Tecnologia e inovação no deserto
Para sustentar essa floresta artificial, a China instalou dezenas de estações de bombeamento fotovoltaicas. Esses equipamentos extraem água de lençóis freáticos profundos, garantindo a sobrevivência de mais de 200 mil árvores em locais onde a chuva é praticamente inexistente.
O modelo de gestão ambiental também foca na economia local, integrando o plantio de espécies que produzem frutos e ervas medicinais. Isso gera renda para as comunidades que antes viviam sob a ameaça constante de serem soterradas pela areia.
Especialistas em sustentabilidade global apontam que o projeto é um laboratório vivo para o resto do mundo. A técnica de “quadriculado de palha” é uma das mais elogiadas por sua simplicidade e eficácia na contenção de ventos fortes.
Desafios e segurança hídrica
Apesar dos avanços, o projeto enfrenta críticas sobre o alto consumo de água em regiões áridas. Pesquisadores monitoram se o reflorestamento em massa pode alterar o ciclo hidrológico de províncias vizinhas a longo prazo.

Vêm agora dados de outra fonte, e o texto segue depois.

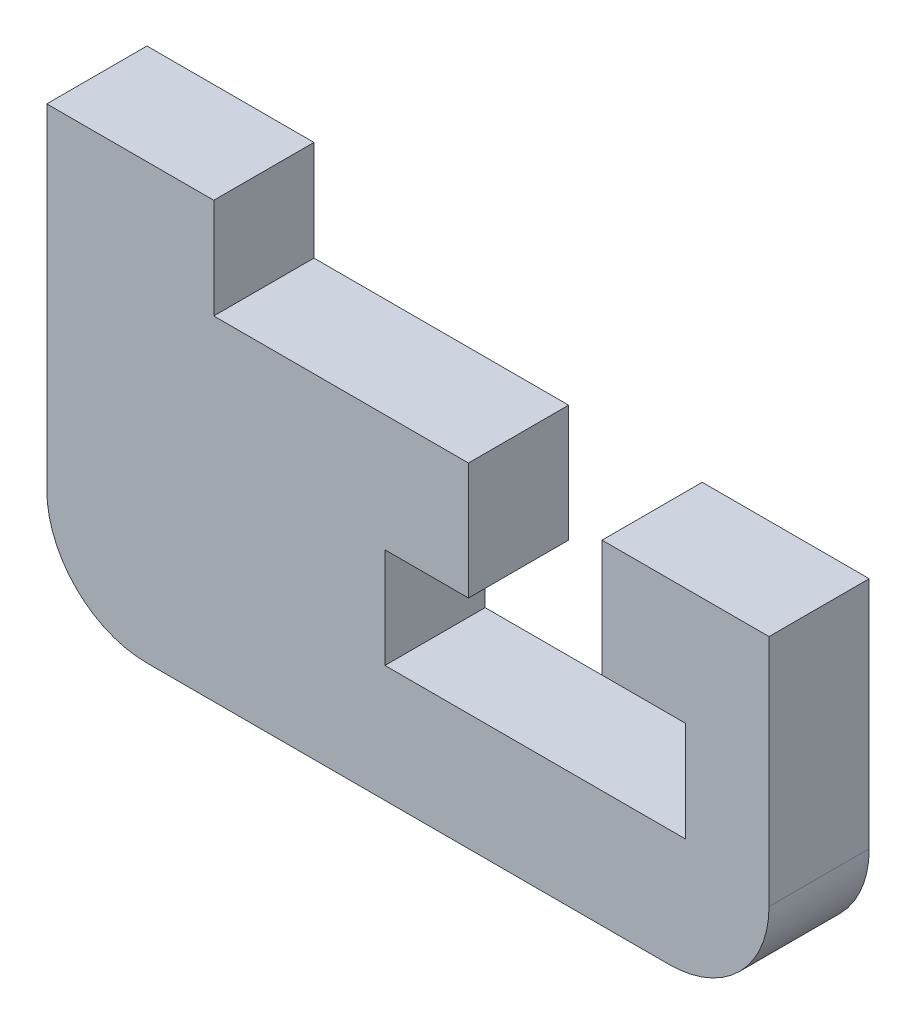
from build123d import *

# Parameters (mm, degrees)
SALIENTE_EXTRUIR1_DEPTH = 3


with BuildPart() as part:
    # Croquis1 → Saliente-Extruir1 (new body)
    with BuildSketch(Plane.XY):
        with BuildLine():
            Line((0, 22.001027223), (-5, 22.001027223))
            Line((-5, 22.001027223), (-5, 12.001027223))
            ThreePointArc((-5, 12.001027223), (-4.121320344, 9.87970688), (-2, 9.001027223))
            Line((-2, 9.001027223), (13.625, 9.001027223))
            ThreePointArc((13.625, 9.001027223), (15.746320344, 9.87970688), (16.625, 12.001027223))
            Line((16.625, 12.001027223), (16.625, 19.001027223))
            Line((16.625, 19.001027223), (11.625, 19.001027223))
            Line((11.625, 19.001027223), (11.625, 15.501027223))
            Line((11.625, 15.501027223), (14.125, 15.501027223))
            Line((14.125, 15.501027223), (14.125, 12.501027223))
            Line((14.125, 12.501027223), (5.125, 12.501027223))
            Line((5.125, 12.501027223), (5.125, 15.501027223))
            Line((5.125, 15.501027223), (7.625, 15.501027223))
            Line((7.625, 15.501027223), (7.625, 19.001027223))
            Line((7.625, 19.001027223), (0, 19.001027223))
            Line((0, 19.001027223), (0, 22.001027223))
        make_face()
    extrude(amount=SALIENTE_EXTRUIR1_DEPTH)


solid = part.part
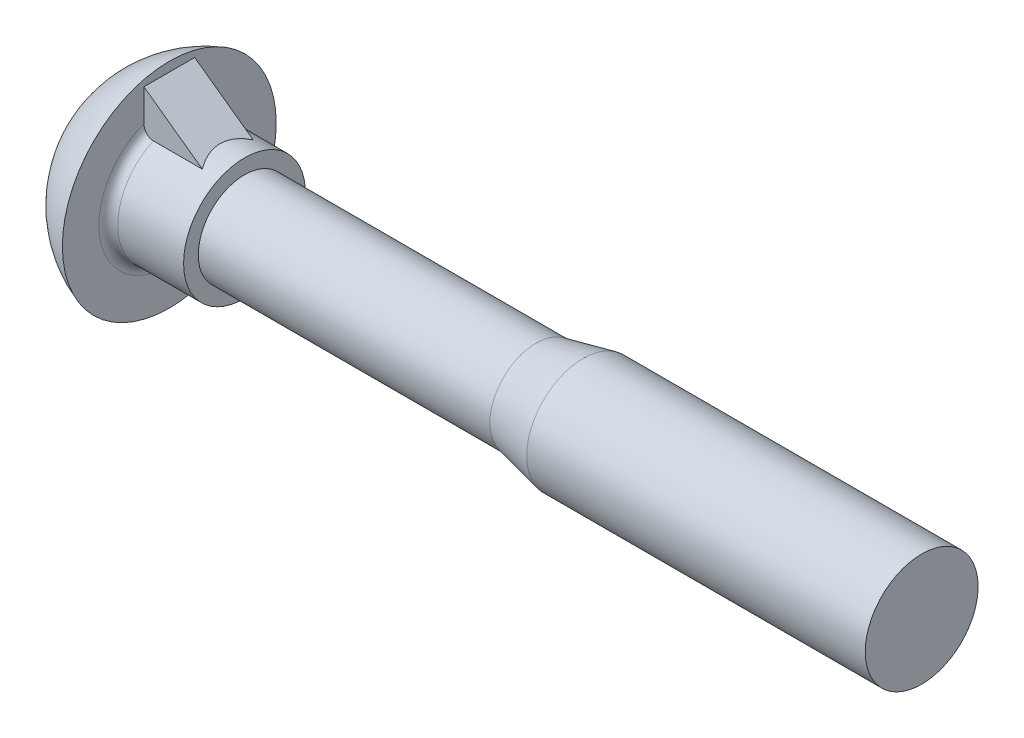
ISO-10303-21;
HEADER;
FILE_DESCRIPTION(('STEP AP214'),'2;1');
FILE_NAME('part.step','',(''),(''),'','','');
FILE_SCHEMA(('AUTOMOTIVE_DESIGN { 1 0 10303 214 1 1 1 1 }'));
ENDSEC;
DATA;
#1=APPLICATION_CONTEXT('core data for automotive mechanical design processes');
#2=APPLICATION_PROTOCOL_DEFINITION('international standard','automotive_design',2000,#1);
#3=PRODUCT_CONTEXT('',#1,'mechanical');
#4=PRODUCT('Part','Part','',(#3));
#5=PRODUCT_RELATED_PRODUCT_CATEGORY('part','',(#4));
#6=PRODUCT_DEFINITION_FORMATION('','',#4);
#7=PRODUCT_DEFINITION_CONTEXT('part definition',#1,'design');
#8=PRODUCT_DEFINITION('design','',#6,#7);
#9=PRODUCT_DEFINITION_SHAPE('','',#8);
#10=(LENGTH_UNIT() NAMED_UNIT(*) SI_UNIT(.MILLI.,.METRE.));
#11=(NAMED_UNIT(*) PLANE_ANGLE_UNIT() SI_UNIT($,.RADIAN.));
#12=(NAMED_UNIT(*) SI_UNIT($,.STERADIAN.) SOLID_ANGLE_UNIT());
#13=UNCERTAINTY_MEASURE_WITH_UNIT(LENGTH_MEASURE(1.E-05),#10,'distance_accuracy_value','');
#14=(GEOMETRIC_REPRESENTATION_CONTEXT(3) GLOBAL_UNCERTAINTY_ASSIGNED_CONTEXT((#13)) GLOBAL_UNIT_ASSIGNED_CONTEXT((#10,
#11,#12)) REPRESENTATION_CONTEXT('',''));
#15=CARTESIAN_POINT('',(0.,0.,0.));
#16=DIRECTION('',(0.,0.,1.));
#17=DIRECTION('',(1.,0.,0.));
#18=AXIS2_PLACEMENT_3D('',#15,#16,#17);
#19=CARTESIAN_POINT('',(4.58,0.,0.));
#20=DIRECTION('',(-1.,0.,0.));
#21=DIRECTION('',(0.,0.,1.));
#22=AXIS2_PLACEMENT_3D('',#19,#20,#21);
#23=TOROIDAL_SURFACE('',#22,3.74000000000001,0.5);
#24=CARTESIAN_POINT('',(4.27855518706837,3.05620140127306,1.35));
#25=CARTESIAN_POINT('',(4.25509222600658,3.07558616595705,1.35));
#26=CARTESIAN_POINT('',(4.23333891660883,3.09709315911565,1.35));
#27=CARTESIAN_POINT('',(4.19377598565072,3.14351633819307,1.35));
#28=CARTESIAN_POINT('',(4.17597568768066,3.16844036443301,1.35));
#29=CARTESIAN_POINT('',(4.14475397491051,3.22077385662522,1.35));
#30=CARTESIAN_POINT('',(4.13131761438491,3.24817441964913,1.35));
#31=CARTESIAN_POINT('',(4.10898689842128,3.30474701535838,1.35));
#32=CARTESIAN_POINT('',(4.10009071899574,3.33391833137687,1.35));
#33=CARTESIAN_POINT('',(4.0866653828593,3.39480417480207,1.35));
#34=CARTESIAN_POINT('',(4.0823800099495,3.42657269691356,1.35));
#35=CARTESIAN_POINT('',(4.07911978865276,3.49038954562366,1.35));
#36=CARTESIAN_POINT('',(4.08014633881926,3.52243794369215,1.35));
#37=CARTESIAN_POINT('',(4.0876044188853,3.58634778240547,1.35));
#38=CARTESIAN_POINT('',(4.09410905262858,3.61820079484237,1.35));
#39=CARTESIAN_POINT('',(4.11255369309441,3.68029787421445,1.35));
#40=CARTESIAN_POINT('',(4.12449293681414,3.71054216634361,1.35));
#41=CARTESIAN_POINT('',(4.1531129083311,3.76746837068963,1.35));
#42=CARTESIAN_POINT('',(4.16962594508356,3.79423439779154,1.35));
#43=CARTESIAN_POINT('',(4.20716929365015,3.84438967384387,1.35));
#44=CARTESIAN_POINT('',(4.22819802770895,3.86778009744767,1.35));
#45=CARTESIAN_POINT('',(4.27287749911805,3.90906375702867,1.35));
#46=CARTESIAN_POINT('',(4.29630718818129,3.92719616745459,1.35));
#47=CARTESIAN_POINT('',(4.34602673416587,3.95899047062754,1.35));
#48=CARTESIAN_POINT('',(4.37231553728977,3.97265400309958,1.35));
#49=CARTESIAN_POINT('',(4.42540303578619,3.99433569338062,1.35));
#50=CARTESIAN_POINT('',(4.45208987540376,4.00262816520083,1.35));
#51=CARTESIAN_POINT('',(4.50649975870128,4.01443225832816,1.35));
#52=CARTESIAN_POINT('',(4.53422254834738,4.01794504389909,1.35));
#53=CARTESIAN_POINT('',(4.58887541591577,4.0200184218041,1.35));
#54=CARTESIAN_POINT('',(4.61579922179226,4.0187482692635,1.35));
#55=CARTESIAN_POINT('',(4.66904340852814,4.01167983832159,1.35));
#56=CARTESIAN_POINT('',(4.69536383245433,4.00588188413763,1.35));
#57=CARTESIAN_POINT('',(4.74653524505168,3.99000557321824,1.35));
#58=CARTESIAN_POINT('',(4.77139277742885,3.97994824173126,1.35));
#59=CARTESIAN_POINT('',(4.81912300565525,3.9559007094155,1.35));
#60=CARTESIAN_POINT('',(4.84199554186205,3.94191019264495,1.35));
#61=CARTESIAN_POINT('',(4.88573665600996,3.91005488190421,1.35));
#62=CARTESIAN_POINT('',(4.90654133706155,3.89210247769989,1.35));
#63=CARTESIAN_POINT('',(4.94500824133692,3.85310255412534,1.35));
#64=CARTESIAN_POINT('',(4.9626698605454,3.83205444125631,1.35));
#65=CARTESIAN_POINT('',(4.99525393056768,3.78641018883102,1.35));
#66=CARTESIAN_POINT('',(5.01000696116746,3.76169319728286,1.35));
#67=CARTESIAN_POINT('',(5.03541218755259,3.71023711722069,1.35));
#68=CARTESIAN_POINT('',(5.04606332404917,3.68349750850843,1.35));
#69=CARTESIAN_POINT('',(5.0635994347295,3.62712355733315,1.35));
#70=CARTESIAN_POINT('',(5.07023353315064,3.59741114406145,1.35));
#71=CARTESIAN_POINT('',(5.07867680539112,3.53730836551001,1.35));
#72=CARTESIAN_POINT('',(5.08048466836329,3.50691781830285,1.35));
#73=CARTESIAN_POINT('',(5.07926490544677,3.4447355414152,1.35));
#74=CARTESIAN_POINT('',(5.07599518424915,3.41294837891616,1.35));
#75=CARTESIAN_POINT('',(5.06426982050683,3.350339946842,1.35));
#76=CARTESIAN_POINT('',(5.05581311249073,3.31951887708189,1.35));
#77=CARTESIAN_POINT('',(5.03369254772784,3.25916247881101,1.35));
#78=CARTESIAN_POINT('',(5.01993715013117,3.22966054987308,1.35));
#79=CARTESIAN_POINT('',(4.98750915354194,3.17348346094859,1.35));
#80=CARTESIAN_POINT('',(4.96883682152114,3.14680814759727,1.35));
#81=CARTESIAN_POINT('',(4.92766860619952,3.09807233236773,1.35));
#82=CARTESIAN_POINT('',(4.90531885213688,3.07588880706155,1.35));
#83=CARTESIAN_POINT('',(4.85693134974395,3.03598619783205,1.35));
#84=CARTESIAN_POINT('',(4.83089573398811,3.01826454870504,1.35));
#85=CARTESIAN_POINT('',(4.77810417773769,2.98935722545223,1.35));
#86=CARTESIAN_POINT('',(4.75157283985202,2.97776182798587,1.35));
#87=CARTESIAN_POINT('',(4.69683239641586,2.95965310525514,1.35));
#88=CARTESIAN_POINT('',(4.66862447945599,2.95313622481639,1.35));
#89=CARTESIAN_POINT('',(4.61386642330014,2.94584791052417,1.35));
#90=CARTESIAN_POINT('',(4.58737313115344,2.9446443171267,1.35));
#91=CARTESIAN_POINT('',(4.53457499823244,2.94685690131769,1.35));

O governo chinês rebate as preocupações afirmando que o uso de sensores de satélite permite um ajuste fino na irrigação. O objetivo agora é garantir que a “Grande Muralha Verde” seja autossustentável até meados de 2050.
A manutenção dessa barreira é considerada uma questão de segurança nacional, visto que protege ferrovias e estradas vitais para o comércio interior. O país segue investindo bilhões em biotecnologia para desenvolver plantas ainda mais resistentes ao estresse hídrico.